The BBC has been told that former chief whip Mark Harper, who has openly criticised NHS Test and Trace, is expected to be among them.

A very senior Tory privately described the handling of the pandemic as a farce.

Others have been pushing for an economic assessment of the lockdown to be published, and several MPs questioned the data informing the government's decisions.

On Tuesday, Prof Chris Whitty, England's chief medical officer, defended lockdowns, telling MPs they were the only practical option to stem the spread of Covid-19 until a vaccine and better drugs become available.

media captionProf Chris Whitty says the three-tier system of Covid-19 restrictions in England has “slowed things down".

Among the Conservative MPs to criticise the nationwide lockdown during a parliamentary debate on Tuesday was Richard Drax, who said they were "destructive, divisive, and don't work".

"They simply delay the inevitable - the re-emergence of the virus when lockdown ends, as has been shown," he said.

"Have we over-reacted? Yes, I think we have. A draconian, onerous and invasive set of rules and regulations now govern our very existence."

Meanwhile, Commons Health Committee chairman Jeremy Hunt said it would be "quite unforgivable" if the UK this winter saw similar levels of Covid transmission in hospitals as experienced during the first coronavirus wave.

Speaking to Today, he called for more routine testing of NHS staff to be carried out.

More details of England's lockdown have also been revealed this week, with the publication of the legislation that will bring them into force.

The regulations specify fines starting at £100 for rule breakers, potentially rising to a maximum of £6,400 for repeat offences.

Chief constables of five north-west England police constabularies have signed a letter committing to greater levels of enforcement of Covid-19 coronavirus restrictions during the lockdown.

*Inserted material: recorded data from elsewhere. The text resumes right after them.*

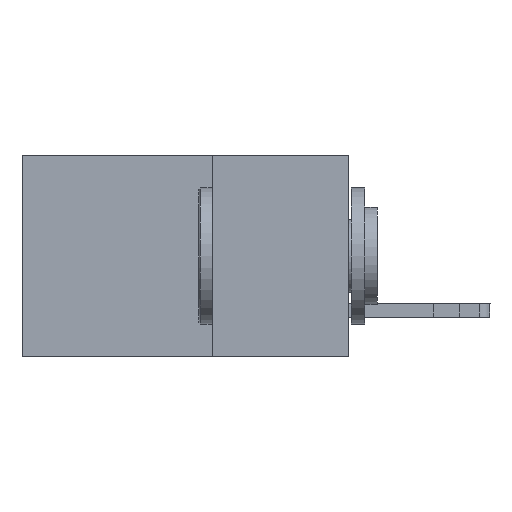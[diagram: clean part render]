
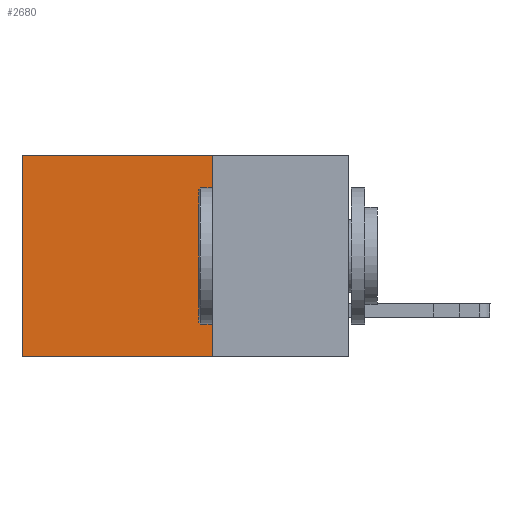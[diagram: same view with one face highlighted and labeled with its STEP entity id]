
A CAD part, left-side view. The second image highlights one B-rep face of the part: STEP entity #2680.
In plain terms, the highlighted planar face has unit normal (-1, 0, 0).
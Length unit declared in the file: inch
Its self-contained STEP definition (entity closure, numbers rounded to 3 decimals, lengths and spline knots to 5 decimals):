
#143 = CARTESIAN_POINT ( 'NONE',  ( 0.2615, 0.25, -0.37 ) ) ;
#194 = LINE ( 'NONE', #8134, #12190 ) ;
#273 = DIRECTION ( 'NONE',  ( 0., 1., 0. ) ) ;
#389 = CARTESIAN_POINT ( 'NONE',  ( 0.2615, 0.25, 0. ) ) ;
#694 = PLANE ( 'NONE',  #8097 ) ;
#731 = EDGE_CURVE ( 'NONE', #7751, #8283, #10072, .T. ) ;
#815 = CARTESIAN_POINT ( 'NONE',  ( 0.2615, 0.25, -0.37 ) ) ;
#1377 = VECTOR ( 'NONE', #3015, 39.37008 ) ;
#1969 = DIRECTION ( 'NONE',  ( 0., 0., -1. ) ) ;
#2680 = ADVANCED_FACE ( 'NONE', ( #5304 ), #694, .F. ) ;
#2699 = DIRECTION ( 'NONE',  ( 0., 1., 0. ) ) ;
#3015 = DIRECTION ( 'NONE',  ( 0., 0., -1. ) ) ;
#3026 = CARTESIAN_POINT ( 'NONE',  ( 0.2615, 0.25, 0. ) ) ;
#3067 = CARTESIAN_POINT ( 'NONE',  ( 0.2615, 0.6, -0.37 ) ) ;
#3758 = LINE ( 'NONE', #389, #5974 ) ;
#4058 = EDGE_CURVE ( 'NONE', #5856, #7751, #194, .T. ) ;
#4654 = EDGE_CURVE ( 'NONE', #5605, #8283, #8993, .T. ) ;
#4734 = EDGE_CURVE ( 'NONE', #5856, #5605, #3758, .T. ) ;
#5004 = ORIENTED_EDGE ( 'NONE', *, *, #731, .F. ) ;
#5205 = VECTOR ( 'NONE', #2699, 39.37008 ) ;
#5304 = FACE_OUTER_BOUND ( 'NONE', #9032, .T. ) ;
#5605 = VERTEX_POINT ( 'NONE', #8448 ) ;
#5856 = VERTEX_POINT ( 'NONE', #3026 ) ;
#5974 = VECTOR ( 'NONE', #273, 39.37008 ) ;
#7751 = VERTEX_POINT ( 'NONE', #143 ) ;
#8097 = AXIS2_PLACEMENT_3D ( 'NONE', #815, #8253, #1969 ) ;
#8134 = CARTESIAN_POINT ( 'NONE',  ( 0.2615, 0.25, -0.37 ) ) ;
#8253 = DIRECTION ( 'NONE',  ( 1., 0., 0. ) ) ;
#8283 = VERTEX_POINT ( 'NONE', #3067 ) ;
#8412 = DIRECTION ( 'NONE',  ( 0., 0., -1. ) ) ;
#8448 = CARTESIAN_POINT ( 'NONE',  ( 0.2615, 0.6, 0. ) ) ;
#8549 = CARTESIAN_POINT ( 'NONE',  ( 0.2615, 0.6, -0.37 ) ) ;
#8993 = LINE ( 'NONE', #8549, #1377 ) ;
#9032 = EDGE_LOOP ( 'NONE', ( #9812, #5004, #10403, #10636 ) ) ;
#9812 = ORIENTED_EDGE ( 'NONE', *, *, #4654, .T. ) ;
#10072 = LINE ( 'NONE', #11435, #5205 ) ;
#10403 = ORIENTED_EDGE ( 'NONE', *, *, #4058, .F. ) ;
#10636 = ORIENTED_EDGE ( 'NONE', *, *, #4734, .T. ) ;
#11435 = CARTESIAN_POINT ( 'NONE',  ( 0.2615, 0.25, -0.37 ) ) ;
#12190 = VECTOR ( 'NONE', #8412, 39.37008 ) ;

The published regulations also reveal:

  • There will be an exemption allowing veterans to participate in Remembrance Sunday and Armistice Day events
  • People will also be allowed to visit friends or "close family members" in prison
  • Visits to friends or "close family members" who are near to death will also be allowed
  • There will be a 10pm curfew on restaurants to make takeaway deliveries

The new rules replace a tiered system of different local restrictions across England, which ministers say they want to return to after the country-wide lockdown is due to end on 2 December.

The UK recorded a further 397 coronavirus deaths and 20,018 confirmed cases on Tuesday.